Bağnaz okur, memnuniyetsiz beşer, işkilli büzük, sıfır tolerans iksmen, taş kalpli ahkam efendi...

https://ucuztefrika.blogspot.com

caretta

Maksi Zagor 29.sayı "New York Sokakları" adlı 288 sayılık macera beni de pek sarmadı.
Evet Mangiantini'nin çizgileri güzel de senaryo pek doyurucu olmamış. Kitabı okuyalı epeyce oldu.
Bu kısa yazıyı yazmak için kitabı tekrar elime aldım. Sanki hiç okumamışım gibi. Sabun köpüğü gibi sönüp giden bir
kitap olmuş. New York sokaklarında o kadar kavga dövüş oluyor ortada bir tane bile polis yok!
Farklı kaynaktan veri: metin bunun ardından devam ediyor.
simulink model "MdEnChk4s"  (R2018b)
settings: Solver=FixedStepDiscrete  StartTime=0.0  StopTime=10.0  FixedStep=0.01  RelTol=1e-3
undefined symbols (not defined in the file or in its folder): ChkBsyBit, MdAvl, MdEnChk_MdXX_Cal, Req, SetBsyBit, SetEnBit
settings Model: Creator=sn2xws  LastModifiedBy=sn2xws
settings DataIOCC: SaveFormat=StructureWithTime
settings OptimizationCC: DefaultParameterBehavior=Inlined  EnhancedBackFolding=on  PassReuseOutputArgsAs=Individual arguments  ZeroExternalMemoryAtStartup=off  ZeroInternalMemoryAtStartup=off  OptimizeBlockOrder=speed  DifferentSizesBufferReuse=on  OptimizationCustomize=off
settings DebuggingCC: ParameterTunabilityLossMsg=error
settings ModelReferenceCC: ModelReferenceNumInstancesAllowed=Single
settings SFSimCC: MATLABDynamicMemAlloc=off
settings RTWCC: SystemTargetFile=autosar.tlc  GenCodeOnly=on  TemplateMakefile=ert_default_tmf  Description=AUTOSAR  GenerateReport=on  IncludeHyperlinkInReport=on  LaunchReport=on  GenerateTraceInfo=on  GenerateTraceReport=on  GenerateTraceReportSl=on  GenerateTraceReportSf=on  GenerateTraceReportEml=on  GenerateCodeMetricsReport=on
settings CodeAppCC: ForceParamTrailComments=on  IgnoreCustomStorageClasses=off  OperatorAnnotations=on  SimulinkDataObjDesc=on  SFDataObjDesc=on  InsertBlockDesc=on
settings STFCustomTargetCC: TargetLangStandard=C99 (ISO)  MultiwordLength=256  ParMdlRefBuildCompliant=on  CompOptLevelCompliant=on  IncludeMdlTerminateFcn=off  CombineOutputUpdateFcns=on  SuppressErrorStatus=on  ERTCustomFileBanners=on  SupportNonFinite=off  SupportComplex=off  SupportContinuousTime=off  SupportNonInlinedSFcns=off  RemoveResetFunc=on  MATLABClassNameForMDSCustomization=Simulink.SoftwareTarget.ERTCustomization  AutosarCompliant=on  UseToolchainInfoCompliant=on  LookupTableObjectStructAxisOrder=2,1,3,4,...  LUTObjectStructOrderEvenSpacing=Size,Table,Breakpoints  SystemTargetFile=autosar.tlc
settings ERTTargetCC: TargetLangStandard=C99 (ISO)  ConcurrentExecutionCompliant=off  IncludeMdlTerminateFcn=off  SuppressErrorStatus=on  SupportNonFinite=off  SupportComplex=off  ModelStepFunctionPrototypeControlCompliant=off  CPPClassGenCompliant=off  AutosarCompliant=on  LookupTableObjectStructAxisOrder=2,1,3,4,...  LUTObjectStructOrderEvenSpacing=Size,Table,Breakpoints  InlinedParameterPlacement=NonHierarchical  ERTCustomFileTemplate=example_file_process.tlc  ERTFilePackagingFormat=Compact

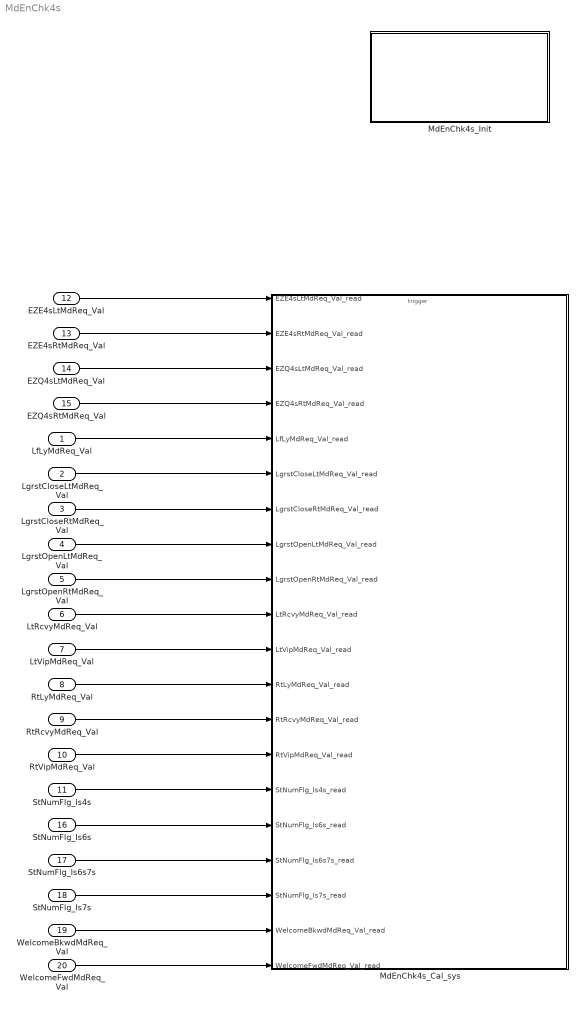
== system MdEnChk4s ==
  LfLyMdReq_Val : Inport  OutDataTypeStr=boolean  PortDimensions=1
  LgrstCloseLtMdReq_Val : Inport  Port=2  OutDataTypeStr=boolean  PortDimensions=1
  LgrstCloseRtMdReq_Val : Inport  Port=3  OutDataTypeStr=boolean  PortDimensions=1
  LgrstOpenLtMdReq_Val : Inport  Port=4  OutDataTypeStr=boolean  PortDimensions=1
  LgrstOpenRtMdReq_Val : Inport  Port=5  OutDataTypeStr=boolean  PortDimensions=1
  LtRcvyMdReq_Val : Inport  Port=6  OutDataTypeStr=boolean  PortDimensions=1
  LtVipMdReq_Val : Inport  Port=7  OutDataTypeStr=boolean  PortDimensions=1
  RtLyMdReq_Val : Inport  Port=8  OutDataTypeStr=boolean  PortDimensions=1
  RtRcvyMdReq_Val : Inport  Port=9  OutDataTypeStr=boolean  PortDimensions=1
  RtVipMdReq_Val : Inport  Port=10  OutDataTypeStr=boolean  PortDimensions=1
  StNumFlg_Is4s : Inport  Port=11  OutDataTypeStr=boolean  PortDimensions=1
  EZE4sLtMdReq_Val : Inport  Port=12  OutDataTypeStr=boolean  PortDimensions=1
  EZE4sRtMdReq_Val : Inport  Port=13  OutDataTypeStr=boolean  PortDimensions=1
  EZQ4sLtMdReq_Val : Inport  Port=14  OutDataTypeStr=boolean  PortDimensions=1
  EZQ4sRtMdReq_Val : Inport  Port=15  OutDataTypeStr=boolean  PortDimensions=1
  StNumFlg_Is6s : Inport  Port=16  OutDataTypeStr=boolean  PortDimensions=1
  StNumFlg_Is6s7s : Inport  Port=17  OutDataTypeStr=boolean  PortDimensions=1
  StNumFlg_Is7s : Inport  Port=18  OutDataTypeStr=boolean  PortDimensions=1
  WelcomeBkwdMdReq_Val : Inport  Port=19  OutDataTypeStr=boolean  PortDimensions=1
  WelcomeFwdMdReq_Val : Inport  Port=20  OutDataTypeStr=boolean  PortDimensions=1
  MdEnChk4s_Cal_sys : Subsystem
  MdEnChk4s_Init : Subsystem
  wires:
  LfLyMdReq_Val/1 -> MdEnChk4s_Cal_sys/5(LfLyMdReq_Val_read)
  LgrstCloseLtMdReq_Val/1 -> MdEnChk4s_Cal_sys/6(LgrstCloseLtMdReq_Val_read)
  LgrstCloseRtMdReq_Val/1 -> MdEnChk4s_Cal_sys/7(LgrstCloseRtMdReq_Val_read)
  LgrstOpenLtMdReq_Val/1 -> MdEnChk4s_Cal_sys/8(LgrstOpenLtMdReq_Val_read)
  LgrstOpenRtMdReq_Val/1 -> MdEnChk4s_Cal_sys/9(LgrstOpenRtMdReq_Val_read)
  LtRcvyMdReq_Val/1 -> MdEnChk4s_Cal_sys/10(LtRcvyMdReq_Val_read)
  LtVipMdReq_Val/1 -> MdEnChk4s_Cal_sys/11(LtVipMdReq_Val_read)
  RtLyMdReq_Val/1 -> MdEnChk4s_Cal_sys/12(RtLyMdReq_Val_read)
  RtRcvyMdReq_Val/1 -> MdEnChk4s_Cal_sys/13(RtRcvyMdReq_Val_read)
  RtVipMdReq_Val/1 -> MdEnChk4s_Cal_sys/14(RtVipMdReq_Val_read)
  StNumFlg_Is4s/1 -> MdEnChk4s_Cal_sys/15(StNumFlg_Is4s_read)
  EZE4sLtMdReq_Val/1 -> MdEnChk4s_Cal_sys/1(EZE4sLtMdReq_Val_read)
  EZE4sRtMdReq_Val/1 -> MdEnChk4s_Cal_sys/2(EZE4sRtMdReq_Val_read)
  EZQ4sLtMdReq_Val/1 -> MdEnChk4s_Cal_sys/3(EZQ4sLtMdReq_Val_read)
  EZQ4sRtMdReq_Val/1 -> MdEnChk4s_Cal_sys/4(EZQ4sRtMdReq_Val_read)
  StNumFlg_Is6s/1 -> MdEnChk4s_Cal_sys/16(StNumFlg_Is6s_read)
  StNumFlg_Is6s7s/1 -> MdEnChk4s_Cal_sys/17(StNumFlg_Is6s7s_read)
  StNumFlg_Is7s/1 -> MdEnChk4s_Cal_sys/18(StNumFlg_Is7s_read)
  WelcomeBkwdMdReq_Val/1 -> MdEnChk4s_Cal_sys/19(WelcomeBkwdMdReq_Val_read)
  WelcomeFwdMdReq_Val/1 -> MdEnChk4s_Cal_sys/20(WelcomeFwdMdReq_Val_read)

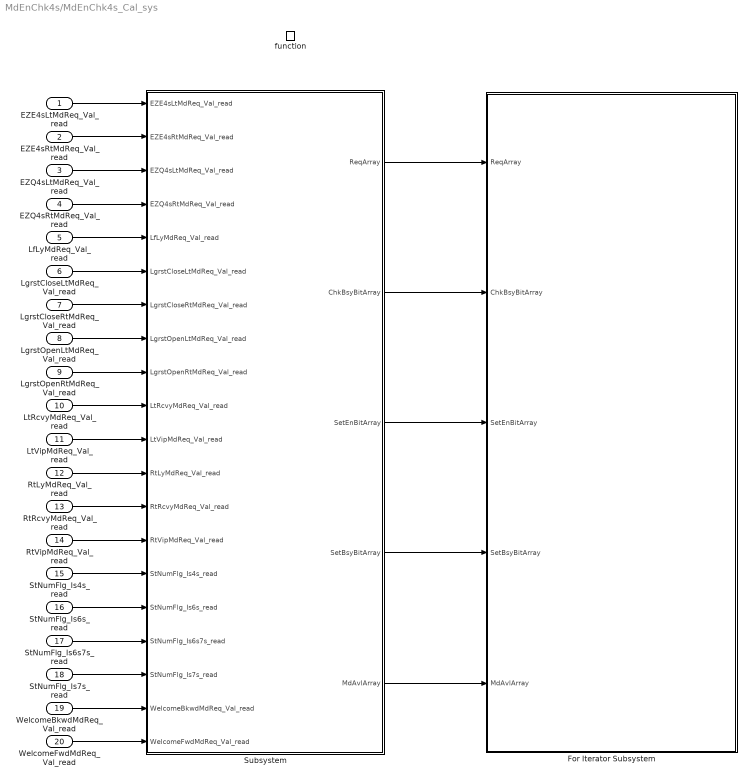
== system MdEnChk4s/MdEnChk4s_Cal_sys ==
  EZE4sLtMdReq_Val_read : Inport
  EZE4sRtMdReq_Val_read : Inport  Port=2
  EZQ4sLtMdReq_Val_read : Inport  Port=3
  EZQ4sRtMdReq_Val_read : Inport  Port=4
  LfLyMdReq_Val_read : Inport  Port=5
  LgrstCloseLtMdReq_Val_read : Inport  Port=6
  LgrstCloseRtMdReq_Val_read : Inport  Port=7
  LgrstOpenLtMdReq_Val_read : Inport  Port=8
  LgrstOpenRtMdReq_Val_read : Inport  Port=9
  LtRcvyMdReq_Val_read : Inport  Port=10
  LtVipMdReq_Val_read : Inport  Port=11
  RtLyMdReq_Val_read : Inport  Port=12
  RtRcvyMdReq_Val_read : Inport  Port=13
  RtVipMdReq_Val_read : Inport  Port=14
  StNumFlg_Is4s_read : Inport  Port=15
  StNumFlg_Is6s_read : Inport  Port=16
  StNumFlg_Is6s7s_read : Inport  Port=17
  StNumFlg_Is7s_read : Inport  Port=18
  WelcomeBkwdMdReq_Val_read : Inport  Port=19
  WelcomeFwdMdReq_Val_read : Inport  Port=20
  function : TriggerPort  TriggerType=function-call  IsSimulinkFunction=on  FunctionName=MdEnChk4s_Cal  VariantControl=(inherit)
  For Iterator Subsystem : Subsystem  TreatAsAtomicUnit=on
  Subsystem : Subsystem
  wires:
  EZE4sLtMdReq_Val_read/1 -> Subsystem/1(EZE4sLtMdReq_Val_read)
  EZE4sRtMdReq_Val_read/1 -> Subsystem/2(EZE4sRtMdReq_Val_read)
  EZQ4sLtMdReq_Val_read/1 -> Subsystem/3(EZQ4sLtMdReq_Val_read)
  EZQ4sRtMdReq_Val_read/1 -> Subsystem/4(EZQ4sRtMdReq_Val_read)
  LfLyMdReq_Val_read/1 -> Subsystem/5(LfLyMdReq_Val_read)
  LgrstCloseLtMdReq_Val_read/1 -> Subsystem/6(LgrstCloseLtMdReq_Val_read)
  LgrstCloseRtMdReq_Val_read/1 -> Subsystem/7(LgrstCloseRtMdReq_Val_read)
  LgrstOpenLtMdReq_Val_read/1 -> Subsystem/8(LgrstOpenLtMdReq_Val_read)
  LgrstOpenRtMdReq_Val_read/1 -> Subsystem/9(LgrstOpenRtMdReq_Val_read)
  LtRcvyMdReq_Val_read/1 -> Subsystem/10(LtRcvyMdReq_Val_read)
  LtVipMdReq_Val_read/1 -> Subsystem/11(LtVipMdReq_Val_read)
  RtLyMdReq_Val_read/1 -> Subsystem/12(RtLyMdReq_Val_read)
  RtRcvyMdReq_Val_read/1 -> Subsystem/13(RtRcvyMdReq_Val_read)
  RtVipMdReq_Val_read/1 -> Subsystem/14(RtVipMdReq_Val_read)
  StNumFlg_Is4s_read/1 -> Subsystem/15(StNumFlg_Is4s_read)
  StNumFlg_Is6s_read/1 -> Subsystem/16(StNumFlg_Is6s_read)
  StNumFlg_Is6s7s_read/1 -> Subsystem/17(StNumFlg_Is6s7s_read)
  StNumFlg_Is7s_read/1 -> Subsystem/18(StNumFlg_Is7s_read)
  WelcomeBkwdMdReq_Val_read/1 -> Subsystem/19(WelcomeBkwdMdReq_Val_read)
  WelcomeFwdMdReq_Val_read/1 -> Subsystem/20(WelcomeFwdMdReq_Val_read)
  Subsystem/1(ReqArray) -> For Iterator Subsystem/1(ReqArray)
  Subsystem/2(ChkBsyBitArray) -> For Iterator Subsystem/2(ChkBsyBitArray)
  Subsystem/3(SetEnBitArray) -> For Iterator Subsystem/3(SetEnBitArray)
  Subsystem/4(SetBsyBitArray) -> For Iterator Subsystem/4(SetBsyBitArray)
  Subsystem/5(MdAvlArray) -> For Iterator Subsystem/5(MdAvlArray)

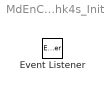
== system MdEnChk4s/MdEnChk4s_Init ==
  Event Listener : EventListener  EventName=reset

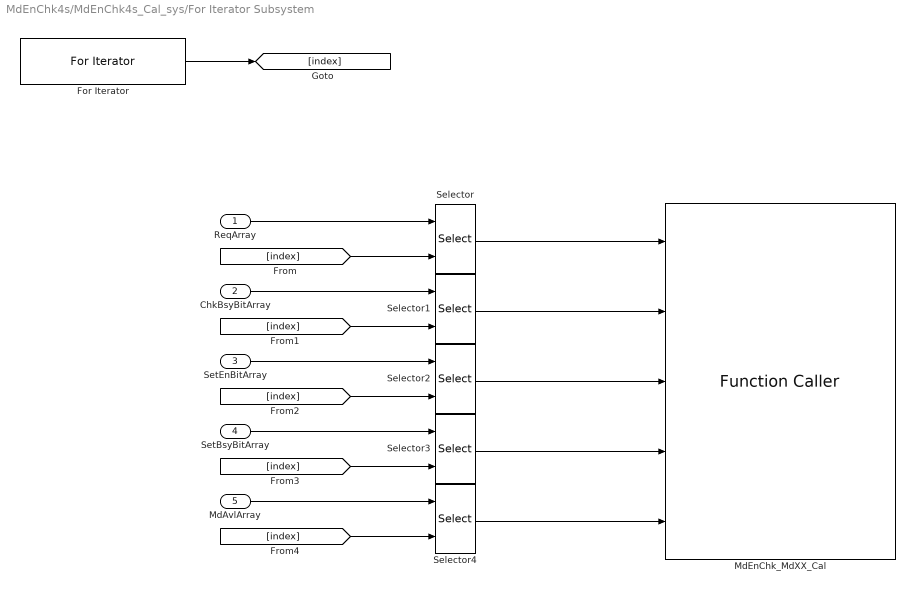
== system MdEnChk4s/MdEnChk4s_Cal_sys/For Iterator Subsystem ==
  ReqArray : Inport
  ChkBsyBitArray : Inport  Port=2
  SetEnBitArray : Inport  Port=3
  SetBsyBitArray : Inport  Port=4
  MdAvlArray : Inport  Port=5
  For Iterator : ForIterator  IterationLimit=16  IndexMode=Zero-based  IterationVariableDataType=int8
  MdEnChk_MdXX_Cal : FunctionCaller  Description=|  FunctionPrototype=MdEnChk_MdXX_Cal(Req,ChkBsyBit,SetEnBit,SetBsyBit,MdAvl)  InputArgumentSpecifications=boolean(true), uint32(1), uint32(1), uint32(1), boolean(true)
      | StNun: 
      | 0 :4s
      | 1:6s
      | 2:7s
      | 3:4sp
  Selector{,1..4} (5 alike) : Selector  IndexMode=Zero-based  InputPortWidth=16  IndexOptions=Index vector (port)  Indices=[1 3]  OutputSizes=1
  wires:
  For Iterator/1 -> [index]
  [index] -> Selector/2
  Selector/1 -> MdEnChk_MdXX_Cal/1
  ReqArray/1 -> Selector/1
  ChkBsyBitArray/1 -> Selector1/1
  [index] -> Selector1/2
  Selector1/1 -> MdEnChk_MdXX_Cal/2
  [index] -> Selector2/2
  SetEnBitArray/1 -> Selector2/1
  Selector2/1 -> MdEnChk_MdXX_Cal/3
  SetBsyBitArray/1 -> Selector3/1
  [index] -> Selector3/2
  Selector3/1 -> MdEnChk_MdXX_Cal/4
  Selector4/1 -> MdEnChk_MdXX_Cal/5
  [index] -> Selector4/2
  MdAvlArray/1 -> Selector4/1

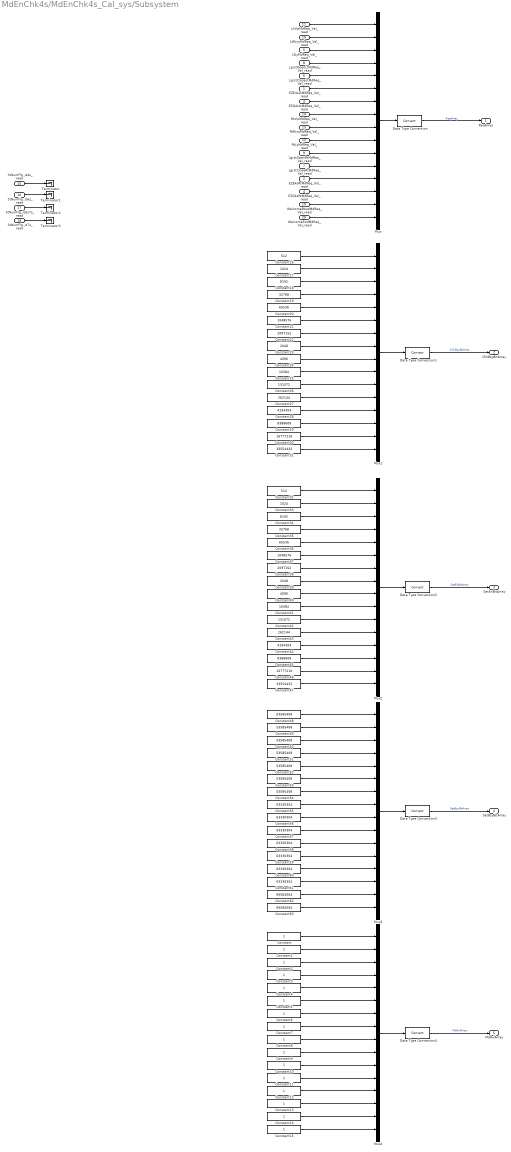
== system MdEnChk4s/MdEnChk4s_Cal_sys/Subsystem ==
  EZE4sLtMdReq_Val_read : Inport
  EZE4sRtMdReq_Val_read : Inport  Port=2
  EZQ4sLtMdReq_Val_read : Inport  Port=3
  EZQ4sRtMdReq_Val_read : Inport  Port=4
  LfLyMdReq_Val_read : Inport  Port=5
  LgrstCloseLtMdReq_Val_read : Inport  Port=6
  LgrstCloseRtMdReq_Val_read : Inport  Port=7
  LgrstOpenLtMdReq_Val_read : Inport  Port=8
  LgrstOpenRtMdReq_Val_read : Inport  Port=9
  LtRcvyMdReq_Val_read : Inport  Port=10
  LtVipMdReq_Val_read : Inport  Port=11
  RtLyMdReq_Val_read : Inport  Port=12
  RtRcvyMdReq_Val_read : Inport  Port=13
  RtVipMdReq_Val_read : Inport  Port=14
  StNumFlg_Is4s_read : Inport  Port=15
  StNumFlg_Is6s_read : Inport  Port=16
  StNumFlg_Is6s7s_read : Inport  Port=17
  StNumFlg_Is7s_read : Inport  Port=18
  WelcomeBkwdMdReq_Val_read : Inport  Port=19
  WelcomeFwdMdReq_Val_read : Inport  Port=20
  Constant{,1..15} (16 alike) : Constant  OutDataTypeStr=boolean
  Constant16 : Constant  Value=512  OutDataTypeStr=uint32
  Constant17 : Constant  Value=1024  OutDataTypeStr=uint32
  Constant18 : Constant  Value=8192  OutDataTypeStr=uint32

Maksi Zagor 30.sayı asıl ilginç olanı. "Druidlerin Esrarı"adlı macera çok güzel fantastik bir macera.
İnşallah 2017'de çıkan bu sayıyı Çizgi Düşler bu yılki yayın programına alır...
Druid deyince aklıma Druid rahibi Kandrax geldi ama bu macerada Kandrax yok.

gamlıbaykuş

New York Sokakları' nı niyeyse ben çok sevdim. Konu klâsik olabilir fakat bazı sahneler (köpek dövüşleri, fareli sahneler vs.) ve konunun ilerleyişi ilgimi canlı tuttu. Finalde ki Çete savaşları da Dicaprio' nun filmini anımsattı bana. Kapak zaten enfes diyorum :)
Atilla abi, Zagor' da fantastik maceraları ben de severim. Druidlerin Esrarı yakın zamanda yayımlanır umarım...
Hayat ne kadar güzel, hoş,
Haydi durma sevgiline koş...

gamlıbaykuş

Bir de 30. sayının kapak ve örnek sayfalarını varsa eğer birileri paylaşabilse güzel olurdu...
Hayat ne kadar güzel, hoş,
Haydi durma sevgiline koş...

hanac

Alıntı yapılan: gamlıbaykuş - 03 Şubat, 2018, 21:04:13
Bir de 30. sayının kapak ve örnek sayfalarını varsa eğer birileri paylaşabilse güzel olurdu...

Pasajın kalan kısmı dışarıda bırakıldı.